Your task. Identify every line in the records below that contains the word "symbol", and copy each of those lines.

Material provided.

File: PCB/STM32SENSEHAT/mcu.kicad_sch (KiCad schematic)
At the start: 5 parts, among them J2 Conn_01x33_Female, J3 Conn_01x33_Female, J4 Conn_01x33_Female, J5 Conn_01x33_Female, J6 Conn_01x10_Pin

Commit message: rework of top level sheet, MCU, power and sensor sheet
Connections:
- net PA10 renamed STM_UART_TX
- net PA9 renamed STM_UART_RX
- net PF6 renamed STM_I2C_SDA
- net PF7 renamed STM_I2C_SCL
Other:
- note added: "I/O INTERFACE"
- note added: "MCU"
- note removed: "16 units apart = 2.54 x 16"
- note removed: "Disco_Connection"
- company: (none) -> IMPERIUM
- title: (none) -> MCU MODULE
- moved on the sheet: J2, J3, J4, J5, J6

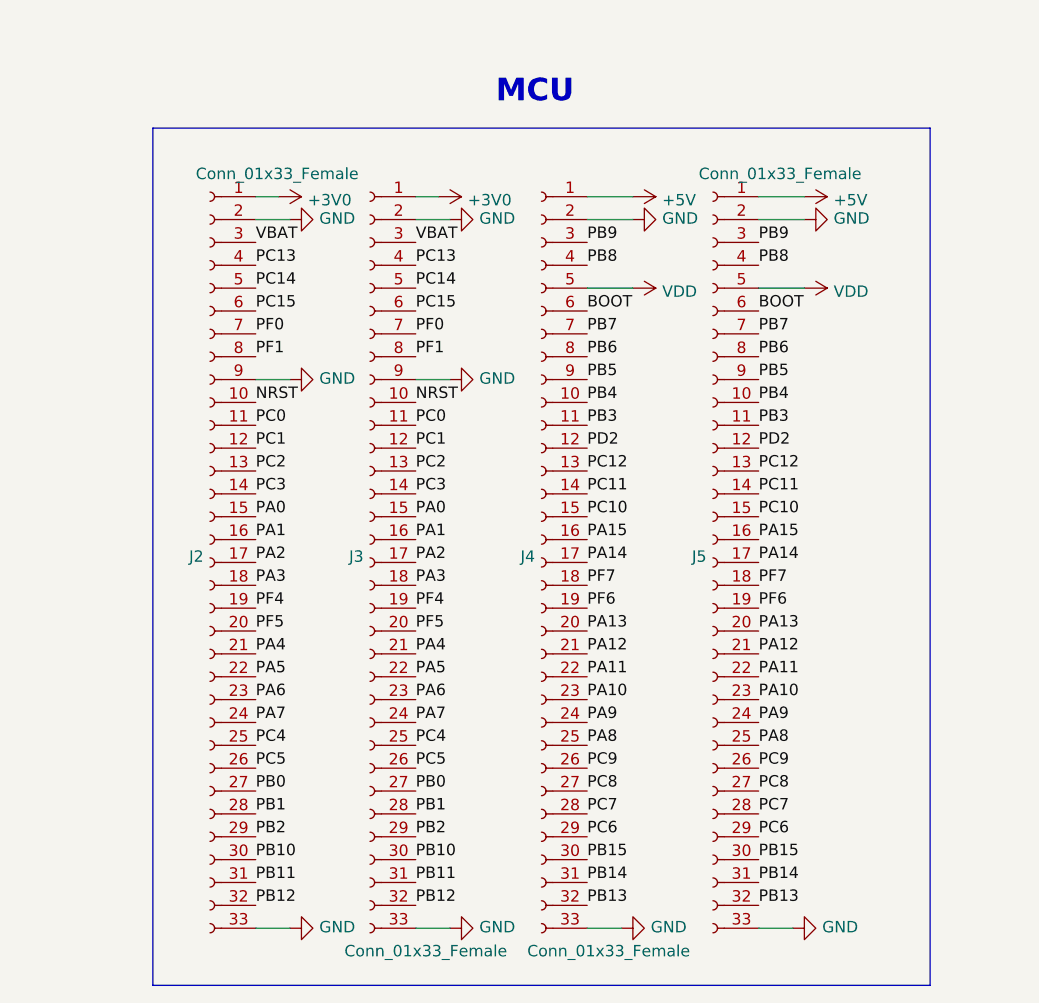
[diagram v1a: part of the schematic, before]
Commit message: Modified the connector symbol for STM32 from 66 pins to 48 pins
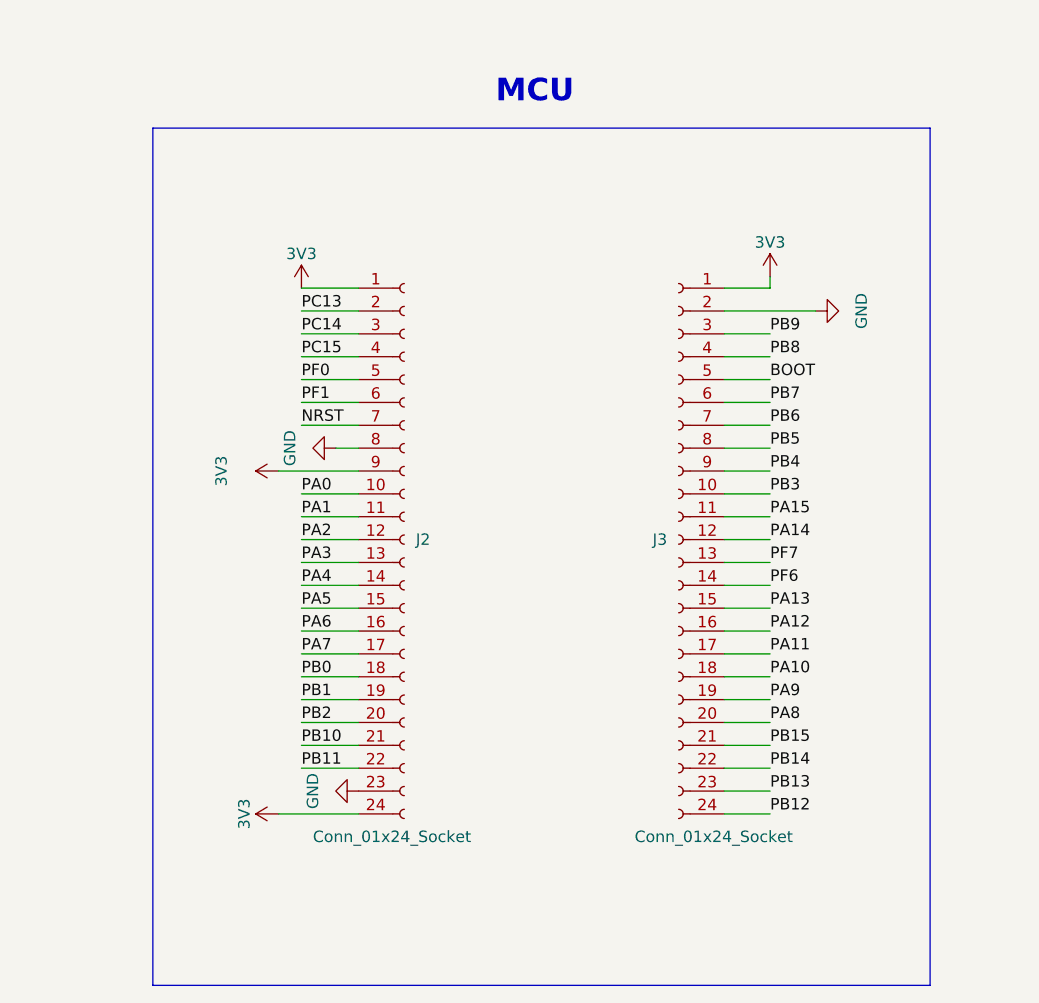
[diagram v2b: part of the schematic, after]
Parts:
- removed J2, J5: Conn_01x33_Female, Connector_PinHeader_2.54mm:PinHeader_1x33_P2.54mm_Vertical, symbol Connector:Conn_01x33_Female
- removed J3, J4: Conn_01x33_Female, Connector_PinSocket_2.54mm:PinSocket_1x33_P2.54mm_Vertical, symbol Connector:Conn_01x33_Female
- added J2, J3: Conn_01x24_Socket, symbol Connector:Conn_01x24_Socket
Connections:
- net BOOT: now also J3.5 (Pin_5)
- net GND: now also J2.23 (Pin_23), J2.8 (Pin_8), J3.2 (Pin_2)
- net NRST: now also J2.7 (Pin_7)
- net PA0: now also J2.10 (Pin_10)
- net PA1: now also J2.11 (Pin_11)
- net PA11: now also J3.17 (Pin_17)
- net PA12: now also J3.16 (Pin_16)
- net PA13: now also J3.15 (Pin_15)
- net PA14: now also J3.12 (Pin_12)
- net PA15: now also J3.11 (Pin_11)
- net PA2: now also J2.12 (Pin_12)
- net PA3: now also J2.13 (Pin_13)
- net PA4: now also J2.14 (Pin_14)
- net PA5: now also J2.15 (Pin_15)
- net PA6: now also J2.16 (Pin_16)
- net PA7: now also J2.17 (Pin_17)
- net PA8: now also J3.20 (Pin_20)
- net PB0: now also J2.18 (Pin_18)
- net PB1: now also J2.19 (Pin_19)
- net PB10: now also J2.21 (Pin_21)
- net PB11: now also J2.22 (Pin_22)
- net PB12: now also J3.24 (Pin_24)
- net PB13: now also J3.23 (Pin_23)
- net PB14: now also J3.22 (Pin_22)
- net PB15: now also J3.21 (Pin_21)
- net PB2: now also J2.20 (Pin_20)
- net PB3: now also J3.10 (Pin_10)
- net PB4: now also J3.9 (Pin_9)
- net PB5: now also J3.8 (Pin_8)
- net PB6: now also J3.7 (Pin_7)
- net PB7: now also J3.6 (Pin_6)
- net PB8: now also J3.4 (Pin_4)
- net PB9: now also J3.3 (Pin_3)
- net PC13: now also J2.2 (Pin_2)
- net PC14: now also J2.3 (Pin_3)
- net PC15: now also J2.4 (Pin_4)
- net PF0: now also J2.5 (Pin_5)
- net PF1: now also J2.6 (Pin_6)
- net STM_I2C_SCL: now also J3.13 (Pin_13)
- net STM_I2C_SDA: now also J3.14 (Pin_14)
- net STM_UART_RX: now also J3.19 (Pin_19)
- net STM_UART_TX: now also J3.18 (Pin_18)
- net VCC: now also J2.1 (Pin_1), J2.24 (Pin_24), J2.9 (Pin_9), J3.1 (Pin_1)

Result for this exercise.
Commit message: Modified the connector symbol for STM32 from 66 pins to 48 pins
- removed J2, J5: Conn_01x33_Female, Connector_PinHeader_2.54mm:PinHeader_1x33_P2.54mm_Vertical, symbol Connector:Conn_01x33_Female
- removed J3, J4: Conn_01x33_Female, Connector_PinSocket_2.54mm:PinSocket_1x33_P2.54mm_Vertical, symbol Connector:Conn_01x33_Female
- added J2, J3: Conn_01x24_Socket, symbol Connector:Conn_01x24_Socket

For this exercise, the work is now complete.